Kulinarik & Verwendung

Als Tafelfrucht ist die Cara Cara eine Premium-Erfahrung, bei der das Aufschneiden der Frucht bereits ein ästhetisches Moment ist — das rosafarbene Fruchtfleisch überrascht optisch und schmeckt besser als erwartet. Frisch gepresster Cara-Cara-Saft hat eine blasse Rosafärbung und ein süßeres, weniger herbes Profil als normaler Orangensaft, was ihn für Brunch-Cocktails (Mimosa, Bellini) ideal macht. In Obstsalaten sind Cara-Cara-Filets optisch und geschmacklich ein Highlight; kombiniert mit Fenchel, Rucola und Pistazien zeigt das Beerenaroma der Orange sein Potenzial. Als Dessert-Zutat — Sorbets, Panna Cotta, über Schokolade — profitiert man von der außergewöhnlichen Aromatiefe. Die Segmente lassen sich gut kandieren, wobei die rosa Farbe beim Erhitzen leider verblasst.

Anbau & Pflege

Die Cara Cara teilt ihre Anbaupräferenzen mit der Washington Navel: mittelkräftiger bis kräftiger Wuchs, maximale Licht- und Wärmezufuhr für volle Farbentwicklung, kälteempfindlich. Kurzfristige Temperaturen bis −3 bis −4 °C übersteht die Krone; Überwinterung hell bei 5–10 °C. Als Kübelpflanze in einem Gefäß von 20–30 Litern kultivierbar. Wichtig für die Farbentwicklung des Fruchtfleisches: Ausreichend kühle Herbstnächte fördern die Lycopin-Akkumulation — in dauerhaft warmen Lagen bleibt das Fruchtfleisch eher orangefarben als rosa, ähnlich wie bei Blutorangen und ihrer Anthocyan-Abhängigkeit.

Besonderheiten

Das Lycopin in der Cara Cara ist botanisch ungewöhnlich: Lycopin ist in Zitruspflanzen normalerweise kaum vorhanden — die roten Pigmente der Blutorangen entstehen durch Anthocyane, einen chemisch anderen Stoff.
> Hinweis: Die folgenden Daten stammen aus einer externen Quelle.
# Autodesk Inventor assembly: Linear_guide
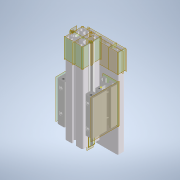
[picture p0: Inventor's stored thumbnail of the model, 180x180]
Saved by Autodesk Inventor 2022 (Build 260153000, 153)
## iProperties
Created: 2021-12-21
Part Number: Linear_guide
Document SubType Name: Assembly
Designer: matte
Author: matte
## Documents named in this file (9)
- C:\Users\matte\Documents\Mechanical Design Project\CAD\Linear_guide.iam
- C:\Users\matte\Documents\Mechanical Design Project\CAD\Inventor Component Part Files\01-Extrusion Profiles\01-40 series\10-040.ipt
- C:\Users\matte\Documents\Mechanical Design Project\CAD\Inventor Component Part Files\08-Linear Application\06-Linear Roller System\01-Roller System 6\30-404.ipt
- C:\Users\matte\Documents\Mechanical Design Project\CAD\Inventor Component Part Files\01-Extrusion Profiles\01-40 series\10-081.ipt
- C:\Users\matte\Documents\Mechanical Design Project\CAD\Inventor Component Part Files\08-Linear Application\06-Linear Roller System\01-Roller System 6\13-106.ipt
- C:\Users\matte\Documents\Mechanical Design Project\CAD\Inventor Component Part Files\08-Linear Application\06-Linear Roller System\01-Roller System 6\13-505.ipt
- C:\Users\matte\Documents\Mechanical Design Project\CAD\Inventor Component Part Files\08-Linear Application\06-Linear Roller System\01-Roller System 6\13-106_MIR.ipt
- C:\Users\matte\Documents\Mechanical Design Project\CAD\Inventor Component Part Files\08-Linear Application\06-Linear Roller System\01-Roller System 6\13-505_MIR.ipt
- C:\Users\matte\Documents\Mechanical Design Project\CAD\Inventor Component Part Files\08-Linear Application\06-Linear Roller System\01-Roller System 6\30-407.ipt
## Components (9 placed, 8 different names)
1. 10-040:1 — Coincidente:4, Coincidente:5, Allineato:5, Coincidente:6, Allineato:6, Allineato:7, Allineato:8, Coincidente:9, Coincidente:10, Coincidente:11, Allineato:10
2. 30-404:1 — Coincidente:1, Allineato:1, Allineato:11
3. 10-081:1 — Coincidente:1, Allineato:1, Coincidente:2, Allineato:3, Allineato:4, Coincidente:4, Coincidente:5
4. 30-404:2 — Coincidente:2, Allineato:3, Allineato:4, Allineato:11, Coincidente:12, Allineato:12, Allineato:13
5. 13-106:1 — Allineato:5, Coincidente:6, Allineato:6, Coincidente:7
6. 13-505:1 — Allineato:7, Allineato:8, Coincidente:7
7. 13-106_MIR:1 — Coincidente:8, Allineato:9, Coincidente:9, Coincidente:10, Allineato:10
8. 13-505_MIR:1 — Coincidente:8, Allineato:9, Coincidente:11
9. 30-407:1 — Coincidente:12, Allineato:12, Allineato:13
## Relationships (23: Flush 12, Mate 11)
- Coincidente:1 [Mate]: 30-404:1 ↔ 10-081:1
- Allineato:1 [Flush]: 30-404:1 ↔ 10-081:1
- Coincidente:2 [Mate]: 10-081:1 ↔ 30-404:2
- Allineato:3 [Flush]: 10-081:1 ↔ 30-404:2
- Allineato:4 [Flush] (60 mm): 10-081:1 ↔ 30-404:2
- Coincidente:4 [Mate] (40 mm): 10-040:1 ↔ 10-081:1
- Coincidente:5 [Mate] (-40 mm): 10-040:1 ↔ 10-081:1
- Allineato:5 [Flush]: 10-040:1 ↔ 13-106:1
- Coincidente:6 [Mate]: 10-040:1 ↔ 13-106:1
- Allineato:6 [Flush]: 10-040:1 ↔ 13-106:1
- Allineato:7 [Flush]: 10-040:1 ↔ 13-505:1
- Allineato:8 [Flush]: 10-040:1 ↔ 13-505:1
- Coincidente:7 [Mate]: 13-106:1 ↔ 13-505:1
- Coincidente:8 [Mate]: 13-106_MIR:1 ↔ 13-505_MIR:1
- Allineato:9 [Flush]: 13-106_MIR:1 ↔ 13-505_MIR:1
- Coincidente:9 [Mate]: 10-040:1 ↔ 13-106_MIR:1
- Coincidente:10 [Mate]: 10-040:1 ↔ 13-106_MIR:1
- Coincidente:11 [Mate]: 10-040:1 ↔ 13-505_MIR:1
- Allineato:10 [Flush]: 10-040:1 ↔ 13-106_MIR:1
- Allineato:11 [Flush]: 30-404:1 ↔ 30-404:2
- Coincidente:12 [Mate]: 30-404:2 ↔ 30-407:1
- Allineato:12 [Flush]: 30-404:2 ↔ 30-407:1
- Allineato:13 [Flush]: 30-404:2 ↔ 30-407:1
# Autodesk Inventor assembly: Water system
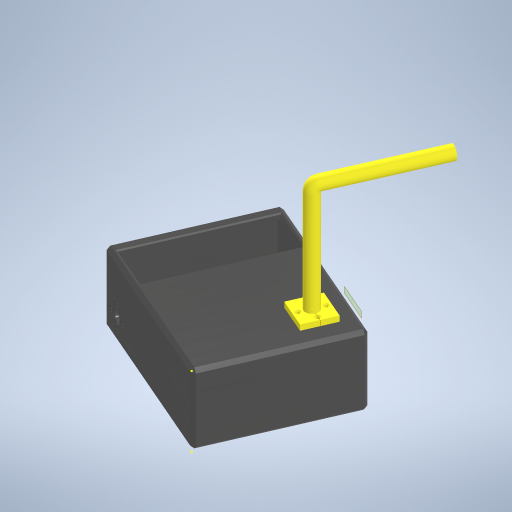
[picture p0: Inventor's stored thumbnail of the model, 512x512]
Saved by Autodesk Inventor 2023 (Build 270158000, 158)
## iProperties
Created: 2022-11-25
Part Number: Water system
Document SubType Name: Assembly
Designer: hp
Author: hp
## Documents named in this file (4)
- C:\Users\abdul\OneDrive\Skrivbord\maskin design\cad\ASS\System water kanjo.iam
- C:\Users\abdul\OneDrive\Skrivbord\maskin design\cad\ASS\Water container.ipt
- C:\Users\abdul\OneDrive\Skrivbord\maskin design\cad\ASS\water tube to pump.ipt
- C:\Users\abdul\OneDrive\Skrivbord\maskin design\cad\water to water container.ipt
## Components (3 placed, 3 different names)
1. Water container:1 — Mate:4, Mate:5, Mate:6, Mate:7, Mate:8
2. water tube to pump:1 — Mate:4, Mate:5
3. water to water container:1 — Mate:6, Mate:7, Mate:8
## Relationships (5: Mate 5)
- Mate:4: Water container:1 ↔ water tube to pump:1
- Mate:5: Water container:1 ↔ water tube to pump:1
- Mate:6: Water container:1 ↔ water to water container:1
- Mate:7: Water container:1 ↔ water to water container:1
- Mate:8: Water container:1 ↔ water to water container:1
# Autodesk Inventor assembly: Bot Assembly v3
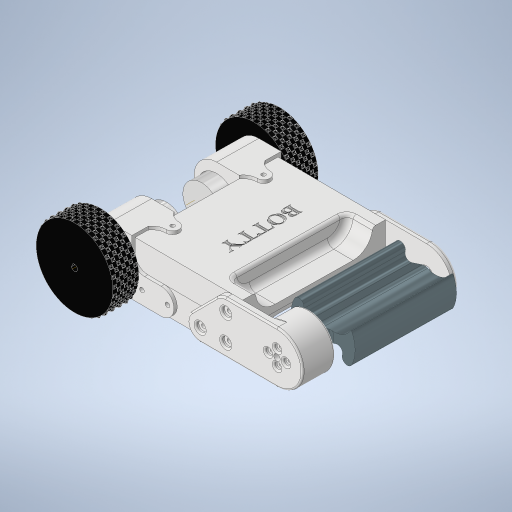
[picture p0: Inventor's stored thumbnail of the model, 512x512]
Saved by Autodesk Inventor 2024 (Build 280153000, 153)
## iProperties
Created: 2023-11-27
Part Number: Bot Assembly v3
Document SubType Name: Assembly
Designer: CJ110
Author: CJ110
## Documents named in this file (11)
- D:\GitHub\Vault-1\CAD\WCRL\Bot Assembly v3.iam
- D:\GitHub\Vault-1\CAD\WCRL\hub.ipt
- D:\GitHub\Vault-1\CAD\WCRL\Motor Mount left.ipt
- D:\GitHub\Vault-1\CAD\WCRL\Motor Mount right.ipt
- D:\GitHub\Vault-1\CAD\WCRL\DC 12V 200RPM.ipt
- D:\GitHub\Vault-1\CAD\WCRL\WHEEL_SPIKEY_smallspikes.ipt
- D:\GitHub\Vault-1\CAD\WCRL\Bearing Bracket.ipt
- D:\GitHub\Vault-1\CAD\WCRL\BLDC Bracket.ipt
- D:\GitHub\Vault-1\CAD\WCRL\drum2.ipt
- D:\GitHub\Vault-1\CAD\WCRL\Brushless 2622 2600KV.ipt
- D:\GitHub\Vault-1\CAD\WCRL\Top v2.ipt
## Components (12 placed, 10 different names)
1. hub:1 — Mate:1, Mate:2, Mate:3, Mate:4, Mate:5, Mate:6, Mate:19, Mate:22, Mate:27, Mate:28, Mate:29, Mate:30, Mate:31, Flush:1, Flush:2
2. Motor Mount left:1 — Mate:4, Mate:5, Mate:6, Mate:8, Mate:9, Mate:10
3. Motor Mount right:1 — Mate:1, Mate:2, Mate:3, Mate:7, Mate:11, Mate:12
4. DC 12V 200RPM:1 — Mate:7, Mate:11, Mate:12, Mate:13, Mate:15
5. DC 12V 200RPM:2 — Mate:8, Mate:9, Mate:10, Mate:14, Mate:16
6. WHEEL_SPIKEY_smallspikes:1 — Mate:13, Mate:15
7. WHEEL_SPIKEY_smallspikes:2 — Mate:14, Mate:16
8. Bearing Bracket:1 — Mate:19, Mate:23, Mate:29, Mate:30
9. BLDC Bracket:1 — Mate:22, Mate:24, Mate:26, Mate:27, Mate:28
10. drum2:1 — Mate:23, Mate:25
11. Brushless 2622 2600KV:1 — Mate:24, Mate:25, Mate:26
12. Top v2:1 — Mate:31, Flush:1, Flush:2
## Relationships (29: Mate 27, Flush 2)
- Mate:1: hub:1 ↔ Motor Mount right:1
- Mate:2: hub:1 ↔ Motor Mount right:1
- Mate:3: hub:1 ↔ Motor Mount right:1
- Mate:4: hub:1 ↔ Motor Mount left:1
- Mate:5: hub:1 ↔ Motor Mount left:1
- Mate:6: hub:1 ↔ Motor Mount left:1
- Mate:7: Motor Mount right:1 ↔ DC 12V 200RPM:1
- Mate:8: Motor Mount left:1 ↔ DC 12V 200RPM:2
- Mate:9: Motor Mount left:1 ↔ DC 12V 200RPM:2
- Mate:10: Motor Mount left:1 ↔ DC 12V 200RPM:2
- Mate:11: Motor Mount right:1 ↔ DC 12V 200RPM:1
- Mate:12: Motor Mount right:1 ↔ DC 12V 200RPM:1
- Mate:13: DC 12V 200RPM:1 ↔ WHEEL_SPIKEY_smallspikes:1
- Mate:14: DC 12V 200RPM:2 ↔ WHEEL_SPIKEY_smallspikes:2
- Mate:15: DC 12V 200RPM:1 ↔ WHEEL_SPIKEY_smallspikes:1
- Mate:16: DC 12V 200RPM:2 ↔ WHEEL_SPIKEY_smallspikes:2
- Mate:19: hub:1 ↔ Bearing Bracket:1
- Mate:22: hub:1 ↔ BLDC Bracket:1
- Mate:23: Bearing Bracket:1 ↔ drum2:1
- Mate:24: BLDC Bracket:1 ↔ Brushless 2622 2600KV:1
- Mate:25: drum2:1 ↔ Brushless 2622 2600KV:1
- Mate:26: BLDC Bracket:1 ↔ Brushless 2622 2600KV:1
- Mate:27: hub:1 ↔ BLDC Bracket:1
- Mate:28: hub:1 ↔ BLDC Bracket:1
- Mate:29: hub:1 ↔ Bearing Bracket:1
- Mate:30: hub:1 ↔ Bearing Bracket:1
- Mate:31: hub:1 ↔ Top v2:1
- Flush:1: hub:1 ↔ Top v2:1
- Flush:2: hub:1 ↔ Top v2:1
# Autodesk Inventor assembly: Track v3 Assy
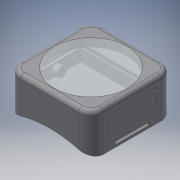
[picture p0: Inventor's stored thumbnail of the model, 180x180]
Saved by Autodesk Inventor 2016 (Build 200138000, 138)
## iProperties
Created: 2016-05-24
Part Number: Track v3 Assy
Document SubType Name: Assembly
Designer: xdlea
Author: xdlea
## Documents named in this file (5)
- D:\Library\Documents\4-3D Models\Track v3 Assy.iam
- D:\Library\Documents\4-3D Models\Track v3 Button.ipt
- D:\Library\Documents\4-3D Models\Track v3.ipt
- D:\Library\Documents\4-3D Models\Track v3 Cover.ipt
- D:\Library\Documents\4-3D Models\Track v3 Access Cover.ipt
## Components (4 placed, 4 different names)
1. Track v3 Button:1 — Mate:1, Mate:2
2. Track v3:1 — Mate:1, Mate:2, Mate:3, Mate:4, Mate:5, Flush:1, Mate:6
3. Track v3 Cover:1 — Mate:3, Mate:4
4. Track v3 Access Cover:1 — Mate:5, Flush:1, Mate:6
## Relationships (7: Mate 6, Flush 1)
- Mate:1: Track v3 Button:1 ↔ Track v3:1
- Mate:2: Track v3 Button:1 ↔ Track v3:1
- Mate:3: Track v3:1 ↔ Track v3 Cover:1
- Mate:4: Track v3:1 ↔ Track v3 Cover:1
- Mate:5: Track v3:1 ↔ Track v3 Access Cover:1
- Flush:1: Track v3:1 ↔ Track v3 Access Cover:1
- Mate:6: Track v3:1 ↔ Track v3 Access Cover:1

Die Cara Cara hat einen eigenständigen Biosyntheseweg entwickelt, der Lycopin ansammelt, das bei anderen Süßorangen-Mutationen nicht auftaucht. Damit ist die Cara Cara die einzige Süßorange mit signifikantem Lycopin-Gehalt und nimmt in der Biochemie der Citrus-Farbstoffe eine Sonderstellung ein. Sie ist steril wie alle Navel-Orangen und wird ausschließlich über Veredelung vermehrt.